* [What is required]: From the records below, transcribe only the lines running from the one with "2160, 2448.8, 2737.5;" through the one with "PS-Simulink Converter : nesl_utility/PS-Simulink". Keep both of those end lines.

* [Task inputs]:
▼

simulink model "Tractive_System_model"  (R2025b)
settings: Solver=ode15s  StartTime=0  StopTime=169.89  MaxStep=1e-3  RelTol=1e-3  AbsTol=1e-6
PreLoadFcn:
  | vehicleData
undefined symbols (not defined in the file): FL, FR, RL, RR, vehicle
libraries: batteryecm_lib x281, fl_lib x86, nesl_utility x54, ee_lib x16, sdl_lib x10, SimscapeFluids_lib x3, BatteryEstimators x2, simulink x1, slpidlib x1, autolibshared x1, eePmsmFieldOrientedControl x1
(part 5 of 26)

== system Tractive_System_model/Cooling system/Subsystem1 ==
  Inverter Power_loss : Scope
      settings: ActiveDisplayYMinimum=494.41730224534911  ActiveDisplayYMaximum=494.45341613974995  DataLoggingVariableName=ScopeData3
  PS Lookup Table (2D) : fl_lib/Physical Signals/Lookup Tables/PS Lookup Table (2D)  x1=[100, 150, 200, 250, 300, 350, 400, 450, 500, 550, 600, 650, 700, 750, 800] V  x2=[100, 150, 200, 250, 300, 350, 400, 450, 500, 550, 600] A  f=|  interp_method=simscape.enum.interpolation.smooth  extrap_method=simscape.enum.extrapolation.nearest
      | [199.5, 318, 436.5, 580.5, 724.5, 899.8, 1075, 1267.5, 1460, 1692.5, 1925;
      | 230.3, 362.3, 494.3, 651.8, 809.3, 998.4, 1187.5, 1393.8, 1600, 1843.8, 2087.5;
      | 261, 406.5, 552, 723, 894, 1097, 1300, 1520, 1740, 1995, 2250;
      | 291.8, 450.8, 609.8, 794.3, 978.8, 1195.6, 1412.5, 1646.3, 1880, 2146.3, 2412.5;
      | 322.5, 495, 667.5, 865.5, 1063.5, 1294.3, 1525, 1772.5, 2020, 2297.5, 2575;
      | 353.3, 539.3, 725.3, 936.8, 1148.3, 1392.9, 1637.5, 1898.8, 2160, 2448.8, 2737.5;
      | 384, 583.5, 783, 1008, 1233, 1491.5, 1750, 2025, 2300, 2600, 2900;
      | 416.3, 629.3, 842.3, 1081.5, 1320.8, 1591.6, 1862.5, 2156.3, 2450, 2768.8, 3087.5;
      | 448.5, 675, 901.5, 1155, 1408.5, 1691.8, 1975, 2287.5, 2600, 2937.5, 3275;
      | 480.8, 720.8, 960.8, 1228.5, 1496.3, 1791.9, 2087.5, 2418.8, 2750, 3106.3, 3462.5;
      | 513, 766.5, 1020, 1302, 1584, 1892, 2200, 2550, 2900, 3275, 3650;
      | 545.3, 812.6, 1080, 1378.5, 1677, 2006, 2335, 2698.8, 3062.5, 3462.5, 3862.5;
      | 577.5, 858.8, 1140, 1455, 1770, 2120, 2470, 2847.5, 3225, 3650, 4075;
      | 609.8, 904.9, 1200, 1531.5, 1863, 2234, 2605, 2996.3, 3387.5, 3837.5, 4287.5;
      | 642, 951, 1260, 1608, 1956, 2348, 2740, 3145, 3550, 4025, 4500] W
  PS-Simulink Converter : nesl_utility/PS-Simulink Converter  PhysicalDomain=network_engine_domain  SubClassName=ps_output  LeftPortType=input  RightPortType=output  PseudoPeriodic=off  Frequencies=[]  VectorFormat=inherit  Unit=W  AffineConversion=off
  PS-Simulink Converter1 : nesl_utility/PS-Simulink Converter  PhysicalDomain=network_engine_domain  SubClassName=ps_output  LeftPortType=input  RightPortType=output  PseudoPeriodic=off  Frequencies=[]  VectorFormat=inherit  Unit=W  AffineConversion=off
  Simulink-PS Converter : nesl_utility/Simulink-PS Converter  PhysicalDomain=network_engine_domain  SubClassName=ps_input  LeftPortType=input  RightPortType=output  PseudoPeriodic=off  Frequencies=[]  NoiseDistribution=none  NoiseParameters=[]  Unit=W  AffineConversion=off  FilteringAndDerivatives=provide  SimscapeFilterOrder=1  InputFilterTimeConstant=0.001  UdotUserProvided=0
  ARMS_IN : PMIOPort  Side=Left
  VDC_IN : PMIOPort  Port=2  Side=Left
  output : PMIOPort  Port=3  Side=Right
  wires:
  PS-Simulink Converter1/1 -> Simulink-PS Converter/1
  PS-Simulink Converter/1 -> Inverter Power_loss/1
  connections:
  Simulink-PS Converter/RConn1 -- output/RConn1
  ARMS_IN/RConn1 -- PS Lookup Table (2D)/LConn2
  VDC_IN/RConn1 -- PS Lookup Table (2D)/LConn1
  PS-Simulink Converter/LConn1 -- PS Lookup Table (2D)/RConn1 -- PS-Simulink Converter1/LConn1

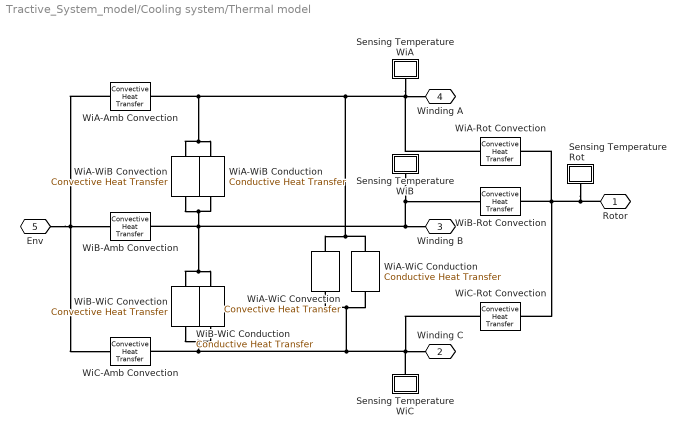
== system Tractive_System_model/Cooling system/Thermal model ==
  Sensing Temperature Rot : Subsystem
      mask Display: disp('TR')
  Sensing Temperature WiA : Subsystem
      mask Display: disp('TA')
  Sensing Temperature WiB : Subsystem
      mask Display: disp('TB')
  Sensing Temperature WiC : Subsystem
      mask Display: disp('TC')
  WiA-Amb Convection : fl_lib/Thermal/Thermal Elements/Convective Heat Transfer  thermal_type=foundation.enum.constant_variable.constant  area=0.1 m^2  heat_tr_coeff=20 W/(m^2 * K)  min_heat_tr_coeff=1e-3 W/(K*m^2)  T_specify=off  T_priority=None  T=0 K  T_nominal_specify=off  T_nominal_value=1  T_nominal_unit=K  Q_specify=off  Q_priority=None  Q=0 J/s  Q_nominal_specify=off  Q_nominal_value=1  Q_nominal_unit=J/s
  WiA-Rot Convection : fl_lib/Thermal/Thermal Elements/Convective Heat Transfer  thermal_type=foundation.enum.constant_variable.constant  area=0.02 m^2  heat_tr_coeff=200 W/(m^2 * K)  min_heat_tr_coeff=1e-3 W/(K*m^2)  T_specify=off  T_priority=None  T=0 K  T_nominal_specify=off  T_nominal_value=1  T_nominal_unit=K  Q_specify=off  Q_priority=None  Q=0 J/s  Q_nominal_specify=off  Q_nominal_value=1  Q_nominal_unit=J/s
  WiA-WiB Conduction : fl_lib/Thermal/Thermal Elements/Conductive Heat Transfer  thermal_type=foundation.enum.ConstantVariableTabulated.Constant  wall_geometry=foundation.enum.ConductionWallGeometry.Planar  area=0.002 m^2  thickness=0.1 m  d_in=0.05 m  d_out=0.1 m  L=1 m  th_cond_min=10 W/(K*m)  th_cond=80 W/(m*K)  th_cond_TLU=[413, 401, 392, 383, 371, 357, 342] W/(K*m)  temp_TLU=[200, 273, 400, 600, 800, 1000, 1200] K  T_specify=off  T_priority=None  T=0 K  T_nominal_specify=off  T_nominal_value=1  T_nominal_unit=K  Q_specify=off  Q_priority=None  Q=0 J/s  Q_nominal_specify=off  Q_nominal_value=1  Q_nominal_unit=J/s
  WiA-WiB Convection : fl_lib/Thermal/Thermal Elements/Convective Heat Transfer  thermal_type=foundation.enum.constant_variable.constant  area=0.004 m^2  heat_tr_coeff=200 W/(m^2 * K)  min_heat_tr_coeff=1e-3 W/(K*m^2)  T_specify=off  T_priority=None  T=0 K  T_nominal_specify=off  T_nominal_value=1  T_nominal_unit=K  Q_specify=off  Q_priority=None  Q=0 J/s  Q_nominal_specify=off  Q_nominal_value=1  Q_nominal_unit=J/s
  WiA-WiC Conduction : fl_lib/Thermal/Thermal Elements/Conductive Heat Transfer  thermal_type=foundation.enum.ConstantVariableTabulated.Constant  wall_geometry=foundation.enum.ConductionWallGeometry.Planar  area=0.002 m^2  thickness=0.1 m  d_in=0.05 m  d_out=0.1 m  L=1 m  th_cond_min=10 W/(K*m)  th_cond=80 W/(m*K)  th_cond_TLU=[413, 401, 392, 383, 371, 357, 342] W/(K*m)  temp_TLU=[200, 273, 400, 600, 800, 1000, 1200] K  T_specify=off  T_priority=None  T=0 K  T_nominal_specify=off  T_nominal_value=1  T_nominal_unit=K  Q_specify=off  Q_priority=None  Q=0 J/s  Q_nominal_specify=off  Q_nominal_value=1  Q_nominal_unit=J/s
  WiA-WiC Convection : fl_lib/Thermal/Thermal Elements/Convective Heat Transfer  thermal_type=foundation.enum.constant_variable.constant  area=0.004 m^2  heat_tr_coeff=200 W/(m^2 * K)  min_heat_tr_coeff=1e-3 W/(K*m^2)  T_specify=off  T_priority=None  T=0 K  T_nominal_specify=off  T_nominal_value=1  T_nominal_unit=K  Q_specify=off  Q_priority=None  Q=0 J/s  Q_nominal_specify=off  Q_nominal_value=1  Q_nominal_unit=J/s
  WiB-Amb Convection : fl_lib/Thermal/Thermal Elements/Convective Heat Transfer  thermal_type=foundation.enum.constant_variable.constant  area=0.1 m^2  heat_tr_coeff=20 W/(m^2 * K)  min_heat_tr_coeff=1e-3 W/(K*m^2)  T_specify=off  T_priority=None  T=0 K  T_nominal_specify=off  T_nominal_value=1  T_nominal_unit=K  Q_specify=off  Q_priority=None  Q=0 J/s  Q_nominal_specify=off  Q_nominal_value=1  Q_nominal_unit=J/s
  WiB-Rot Convection : fl_lib/Thermal/Thermal Elements/Convective Heat Transfer  thermal_type=foundation.enum.constant_variable.constant  area=0.02 m^2  heat_tr_coeff=200 W/(m^2 * K)  min_heat_tr_coeff=1e-3 W/(K*m^2)  T_specify=off  T_priority=None  T=0 K  T_nominal_specify=off  T_nominal_value=1  T_nominal_unit=K  Q_specify=off  Q_priority=None  Q=0 J/s  Q_nominal_specify=off  Q_nominal_value=1  Q_nominal_unit=J/s
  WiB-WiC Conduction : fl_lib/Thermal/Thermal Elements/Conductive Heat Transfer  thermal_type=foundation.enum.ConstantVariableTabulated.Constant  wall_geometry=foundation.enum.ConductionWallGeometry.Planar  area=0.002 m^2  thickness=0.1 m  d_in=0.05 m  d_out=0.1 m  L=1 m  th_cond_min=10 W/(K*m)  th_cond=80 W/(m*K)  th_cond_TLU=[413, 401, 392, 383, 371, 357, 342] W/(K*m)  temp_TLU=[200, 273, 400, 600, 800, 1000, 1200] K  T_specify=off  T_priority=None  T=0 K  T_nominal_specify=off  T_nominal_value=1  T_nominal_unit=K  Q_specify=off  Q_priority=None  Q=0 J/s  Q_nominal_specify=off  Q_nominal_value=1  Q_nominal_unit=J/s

▲

* [Reply]:
      | 353.3, 539.3, 725.3, 936.8, 1148.3, 1392.9, 1637.5, 1898.8, 2160, 2448.8, 2737.5;
      | 384, 583.5, 783, 1008, 1233, 1491.5, 1750, 2025, 2300, 2600, 2900;
      | 416.3, 629.3, 842.3, 1081.5, 1320.8, 1591.6, 1862.5, 2156.3, 2450, 2768.8, 3087.5;
      | 448.5, 675, 901.5, 1155, 1408.5, 1691.8, 1975, 2287.5, 2600, 2937.5, 3275;
      | 480.8, 720.8, 960.8, 1228.5, 1496.3, 1791.9, 2087.5, 2418.8, 2750, 3106.3, 3462.5;
      | 513, 766.5, 1020, 1302, 1584, 1892, 2200, 2550, 2900, 3275, 3650;
      | 545.3, 812.6, 1080, 1378.5, 1677, 2006, 2335, 2698.8, 3062.5, 3462.5, 3862.5;
      | 577.5, 858.8, 1140, 1455, 1770, 2120, 2470, 2847.5, 3225, 3650, 4075;
      | 609.8, 904.9, 1200, 1531.5, 1863, 2234, 2605, 2996.3, 3387.5, 3837.5, 4287.5;
      | 642, 951, 1260, 1608, 1956, 2348, 2740, 3145, 3550, 4025, 4500] W
  PS-Simulink Converter : nesl_utility/PS-Simulink Converter  PhysicalDomain=network_engine_domain  SubClassName=ps_output  LeftPortType=input  RightPortType=output  PseudoPeriodic=off  Frequencies=[]  VectorFormat=inherit  Unit=W  AffineConversion=off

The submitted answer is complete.